[Dataset records]
----------

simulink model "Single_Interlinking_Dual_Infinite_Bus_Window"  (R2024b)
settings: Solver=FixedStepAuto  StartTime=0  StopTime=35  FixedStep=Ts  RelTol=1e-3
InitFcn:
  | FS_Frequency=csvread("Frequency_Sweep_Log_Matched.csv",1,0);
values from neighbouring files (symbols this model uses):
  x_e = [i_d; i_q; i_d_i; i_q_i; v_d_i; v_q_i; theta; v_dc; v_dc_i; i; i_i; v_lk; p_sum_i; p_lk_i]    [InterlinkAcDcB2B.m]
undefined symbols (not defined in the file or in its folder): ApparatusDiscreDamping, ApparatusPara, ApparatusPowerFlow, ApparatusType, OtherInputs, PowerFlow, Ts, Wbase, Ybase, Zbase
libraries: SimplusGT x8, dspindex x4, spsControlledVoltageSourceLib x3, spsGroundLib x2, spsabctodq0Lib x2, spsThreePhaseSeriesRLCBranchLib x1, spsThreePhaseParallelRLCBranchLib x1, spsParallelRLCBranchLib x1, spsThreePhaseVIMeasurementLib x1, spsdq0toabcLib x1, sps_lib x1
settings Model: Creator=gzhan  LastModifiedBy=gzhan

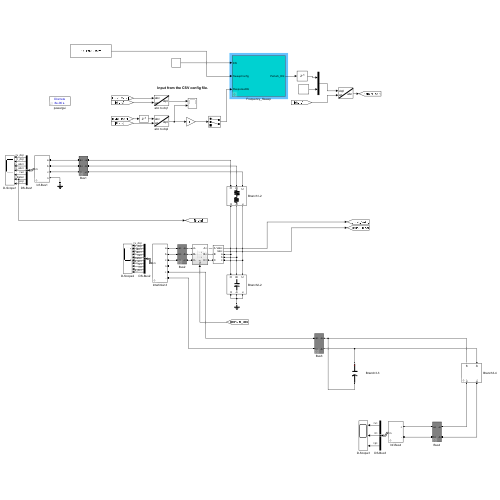
[thumbnail: Simulink's stored preview of the top-level diagram]
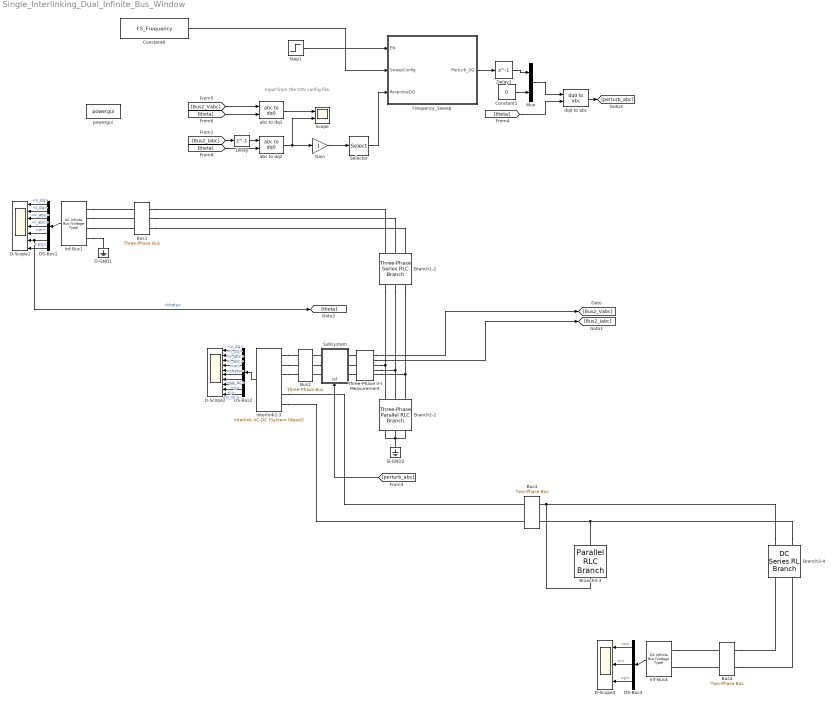
== system Single_Interlinking_Dual_Infinite_Bus_Window ==
  note: Input from the CSV config file.
  B-GND2 : spsGroundLib/Ground  LConnTagsString=a
  Branch1-2 : spsThreePhaseSeriesRLCBranchLib/Three-Phase Series RLC Branch  LConnTagsString=A|B|C  RConnTagsString=A|B|C  BranchType=RL  Resistance=(0.06)*Zbase  Inductance=(0.3)*Zbase/Wbase  Capacitance=1e-6  Measurements=None
  Branch2-2 : spsThreePhaseParallelRLCBranchLib/Three-Phase Parallel RLC Branch  LConnTagsString=A|B|C  RConnTagsString=A|B|C  BranchType=C  Resistance=(Inf)*Zbase  Inductance=(Inf)*Zbase/Wbase  Capacitance=(0.02)*Ybase/Wbase  Measurements=None
  Branch3-3 : spsParallelRLCBranchLib/Parallel RLC Branch  LConnTagsString=a  RConnTagsString=__new0  BranchType=C  Resistance=(Inf)*Zbase  Inductance=(Inf)*Zbase/Wbase  SetiL0=off  InitialCurrent=0  Capacitance=(0.02)*Ybase/Wbase  Setx0=off  InitialVoltage=0  Measurements=None
  Branch3-4 : SimplusGT/DC Series RL Branch  BranchType=RL  Resistance=(0.01)*Zbase  Inductance=(0.3)*Zbase/Wbase
      settings: SourceProductName=Simplus Grid Tool
  Bus1 : SimplusGT/Three-Phase Bus  Vbase=1  Sbase=1
      settings: SourceProductName=Simplus Grid Tool
  Bus2 : SimplusGT/Three-Phase Bus  Vbase=1  Sbase=1
      settings: SourceProductName=Simplus Grid Tool
  Bus3 : SimplusGT/Two-Phase Bus  Vbase=1  Sbase=1
      settings: SourceProductName=Simplus Grid Tool
  Bus4 : SimplusGT/Two-Phase Bus  Vbase=1  Sbase=1
      settings: SourceProductName=Simplus Grid Tool
  Constant1 : Constant  Value=0
  Constant8 : Constant  Value=FS_Frequency
  D-GND1 : spsGroundLib/Ground  LConnTagsString=a
  D-Scope1 : Scope  NumInputPorts=7
  D-Scope2 : Scope  NumInputPorts=10
  D-Scope3 : Scope  NumInputPorts=3
  DS-Bus1 : BusSelector  OutputSignals=v_dq,i_dq,v_abc,i_abc,w,theta,pq
  DS-Bus2 : BusSelector  OutputSignals=v_dq,i_dq,v_abc,i_abc,w,theta,pq_ac,v,i,p_dc
  DS-Bus3 : BusSelector  OutputSignals=v,i,p
  Delay : Delay  DelayLength=1
  Delay1 : Delay  DelayLength=1
  Frequency_Sweep : Subsystem  mask{Gain=0.1, Interval=1e-1}
      mask prompts: Gain "Output Gain"; Interval "Injection Interval"
  Gain : Gain  Gain=-1
  Inf-Bus1 : SimplusGT/AC Infinite Bus (Voltage Type)  Ts=Ts  Sbase=Sbase  Vbase=Vbase  Wbase=Wbase  vd=PowerFlow{1}(3)  vq=0  theta0=PowerFlow{1}(4)  w=Wbase  R=1e-30
      settings: SourceProductName=Simplus Grid Tool
  Inf-Bus4 : SimplusGT/DC Infinite Bus (Voltage Type)  Ts=Ts  Sbase=Sbase  Vbase=Vbase  v=PowerFlow{3}(3)  R=1e-30
      settings: SourceProductName=Simplus Grid Tool
  Interlink2-3 : SimplusGT/Interlink AC-DC (System Object)  Ts=Ts  Sbase=Sbase  Vbase=Vbase  Wbase=Wbase  ApparatusType=ApparatusType{2}  ApparatusPara=ApparatusPara{2}  PowerFlow=ApparatusPowerFlow{2}  x0=x_e{2}  OtherInputs=OtherInputs{2}  DiscreMethod=Hybrid Trapezoidal  EnableInsideModification=off  DiscreDampingFlag=on  DiscreDampingValue=ApparatusDiscreDamping{2}  LinearizationTimes=1  DirectFeedthrough=off
      settings: SourceProductName=Simplus Grid Tool
  Mux : Mux  Inputs=2
  Scope : Scope  NumInputPorts=2
  Selector : Selector  InputPortWidth=3  IndexOptions=Index vector (dialog)  Indices=[1 2]  OutputSizes=1
  Step1 : Step  Time=5  SampleTime=0
  Subsystem : Subsystem
      settings: PortSchema="{\"entries\":[{\"content\":{\"sides\":[{\"content\":{\"connectorIds\":[\"LConn1\",\"LConn2\",\"LConn3\"]},\"type\":\"ConnectorPlacement.EquallySpacedRectSide\",\"uuid\":\"320e3ad3-fe57-42ad-8679-028db54dd479\"},{\"content\":{\"connectorIds\":[\"RConn1\",\"RConn2\",\"RConn3\"],\"side\":\"RIGHT\"},\"type\":\"ConnectorPlacement.EquallySpacedRectSide\",\"uuid\":\"2b28e415-5225-4c3e-a28b-d8614ba274c6\"},{\"content\":{\"side\":\"TOP\"},\"type\":\"ConnectorPlacement.EquallySpacedRectSide\",\"uuid\":\"80974e19-6780-437b-9c92-3d578e35f276\"},{\"content\":{\"connectorIds\":[\"In1\"],\"side\":\"BOTTOM\"},\"type\":\"ConnectorPlacement.EquallySpacedRectSide\",\"uuid\":\"7f793f19-b02b-48c7-b373-3f4568a43fb5\"}]},\"type\":\"ConnectorPlacement.EquallySpacedConnector\",\"uuid\":\"fbbab89f-d0d6-4a2b-bd71-75cb5c2a328e\"}],\"packageUris\":[\"http://schema.mathworks.com/mf0/Connector/R2020b\"],\"version\":\"1.0\"}"
  Three-Phase V-I Measurement : spsThreePhaseVIMeasurementLib/Three-Phase V-I Measurement  VoltageMeasurement=phase-to-ground  SetLabelV=off  LabelV=Vabc  Vpu=off  VpuLL=off  CurrentMeasurement=yes  SetLabelI=off  LabelI=Iabc  Ipu=off  Pbase=100e6  Vbase=500e3  OutputType=Complex  PhasorSimulation=off  PSBequivalent=0
  abc to dq1 : spsabctodq0Lib/abc to dq0  Alignment=90 degrees behind phase A axis
  abc to dq2 : spsabctodq0Lib/abc to dq0  Alignment=90 degrees behind phase A axis
  dq0 to abc : spsdq0toabcLib/dq0 to abc  Alignment=90 degrees behind phase A axis
  powergui : sps_lib/powergui  Priority=1  SimulationMode=Discrete  SampleTime=Ts  frequency=60  Iterations=50  frequencyindice=0  Pbase=100e6  ErrMax=1e-4  UnitsV=kV  UnitsW=MW  buscounter=0  FunctionMessages=off  echomessages=off  EnableUseOfTLC=off  CurrentSourceSwitches=off  DisableSnubberDevices=off  DisableRonSwitches=off  DisableVfSwitches=off  DisplayEquations=off  AutomaticDiscreteSolvers=off  SolverType=Tustin/Backward Euler (TBE)  Interpol=off  ExternalGateDelay=off  methode=off  Ts=100  x0status=blocks  SPID=on  SwTol=0  HookPort=off  NonlinearTolerance=1e-4  nMaxIteration=100  ContinueOnMaxIteration=off  RestoreLinks=warning  ResistiveCurrentMeasurement=off  Frange=[0:2:500]  Ylog=off  Xlog=on  ShowGrid=off  save=off  variable=ZData  structure=0  ZoomFFT=off  StartTime=0.0  cycles=1  DisplayStyle=1  fundamental=60  FreqAxis=off  MaxFrequency=1000  frequencyindicesteady=1  RmsSteady=1  display=off
  wires:
  Inf-Bus1/1 -> DS-Bus1/1
  DS-Bus1/1 -> D-Scope1/1  "<v_dq>"
  DS-Bus1/2 -> D-Scope1/2  "<i_dq>"
  DS-Bus1/3 -> D-Scope1/3  "<v_abc>"
  DS-Bus1/4 -> D-Scope1/4  "<i_abc>"
  DS-Bus1/5 -> D-Scope1/5  "<w>"
  DS-Bus1/6 -> [theta], D-Scope1/6  "<theta>"
  DS-Bus1/7 -> D-Scope1/7  "<pq>"
  DS-Bus2/1 -> D-Scope2/1  "<v_dq>"
  DS-Bus2/2 -> D-Scope2/2  "<i_dq>"
  DS-Bus2/3 -> D-Scope2/3  "<v_abc>"
  DS-Bus2/4 -> D-Scope2/4  "<i_abc>"
  DS-Bus2/5 -> D-Scope2/5  "<w>"
  DS-Bus2/6 -> D-Scope2/6  "<theta>"
  DS-Bus2/7 -> D-Scope2/7  "<pq_ac>"
  DS-Bus2/8 -> D-Scope2/8  "<v>"
  DS-Bus2/9 -> D-Scope2/9  "<i>"
  DS-Bus2/10 -> D-Scope2/10  "<p_dc>"
  Inf-Bus4/1 -> DS-Bus3/1
  DS-Bus3/1 -> D-Scope3/1  "<v>"
  DS-Bus3/2 -> D-Scope3/2  "<i>"
  DS-Bus3/3 -> D-Scope3/3  "<p>"
  abc to dq1/1 -> Scope/1
  [theta] -> abc to dq1/2
  [Bus2_Iabc] -> Delay/1
  Gain/1 -> Selector/1
  Mux/1 -> dq0 to abc/1
  Step1/1 -> Frequency_Sweep/1(EN)
  [theta] -> abc to dq2/2
  Constant1/1 -> Mux/2
  [Bus2_Vabc] -> abc to dq1/1
  Delay/1 -> abc to dq2/1
  [theta] -> dq0 to abc/2
  Delay1/1 -> Mux/1
  abc to dq2/1 -> Scope/2, Gain/1
  Selector/1 -> Frequency_Sweep/3(ResponseDQ)
  Frequency_Sweep/1(Perturb_DQ) -> Delay1/1
  Constant8/1 -> Frequency_Sweep/2(SweepConfig)
  dq0 to abc/1 -> [perturb_abc]
  Three-Phase V-I Measurement/1 -> [Bus2_Vabc]
  [perturb_abc] -> Subsystem/1(ref)
  Three-Phase V-I Measurement/2 -> [Bus2_Iabc]
  Interlink2-3/1 -> DS-Bus2/1
  connections:
  Inf-Bus1/LConn4 -- D-GND1/LConn1
  Branch2-2/RConn1 -- Branch2-2/RConn2 -- Branch2-2/RConn3 -- B-GND2/LConn1
  Branch1-2/RConn1 -- Three-Phase V-I Measurement/RConn1 -- Branch2-2/LConn1
  Branch1-2/RConn2 -- Three-Phase V-I Measurement/RConn2 -- Branch2-2/LConn2
  Branch1-2/RConn3 -- Three-Phase V-I Measurement/RConn3 -- Branch2-2/LConn3
  Bus1/RConn1 -- Branch1-2/LConn1
  Bus1/RConn2 -- Branch1-2/LConn2
  Bus1/RConn3 -- Branch1-2/LConn3
  Bus4/RConn1 -- Branch3-4/RConn1
  Bus4/RConn2 -- Branch3-4/RConn2
  Branch3-4/LConn1 -- Bus3/RConn1 -- Branch3-3/RConn1
  Branch3-4/LConn2 -- Bus3/RConn2 -- Branch3-3/LConn1
  Inf-Bus1/LConn1 -- Bus1/LConn1
  Inf-Bus1/LConn2 -- Bus1/LConn2
  Inf-Bus1/LConn3 -- Bus1/LConn3
  Interlink2-3/LConn1 -- Bus2/LConn1
  Interlink2-3/LConn2 -- Bus2/LConn2
  Interlink2-3/LConn3 -- Bus2/LConn3
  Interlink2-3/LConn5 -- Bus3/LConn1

----------

Task instructions | Give an exact reproduction of the lines from the one with "Three-Phase V-I Measurement/2" to the final line of the entries, including both.

Finished task |
  Three-Phase V-I Measurement/2 -> [Bus2_Iabc]
  Interlink2-3/1 -> DS-Bus2/1
  connections:
  Inf-Bus1/LConn4 -- D-GND1/LConn1
  Branch2-2/RConn1 -- Branch2-2/RConn2 -- Branch2-2/RConn3 -- B-GND2/LConn1
  Branch1-2/RConn1 -- Three-Phase V-I Measurement/RConn1 -- Branch2-2/LConn1
  Branch1-2/RConn2 -- Three-Phase V-I Measurement/RConn2 -- Branch2-2/LConn2
  Branch1-2/RConn3 -- Three-Phase V-I Measurement/RConn3 -- Branch2-2/LConn3
  Bus1/RConn1 -- Branch1-2/LConn1
  Bus1/RConn2 -- Branch1-2/LConn2
  Bus1/RConn3 -- Branch1-2/LConn3
  Bus4/RConn1 -- Branch3-4/RConn1
  Bus4/RConn2 -- Branch3-4/RConn2
  Branch3-4/LConn1 -- Bus3/RConn1 -- Branch3-3/RConn1
  Branch3-4/LConn2 -- Bus3/RConn2 -- Branch3-3/LConn1
  Inf-Bus1/LConn1 -- Bus1/LConn1
  Inf-Bus1/LConn2 -- Bus1/LConn2
  Inf-Bus1/LConn3 -- Bus1/LConn3
  Interlink2-3/LConn1 -- Bus2/LConn1
  Interlink2-3/LConn2 -- Bus2/LConn2
  Interlink2-3/LConn3 -- Bus2/LConn3
  Interlink2-3/LConn5 -- Bus3/LConn1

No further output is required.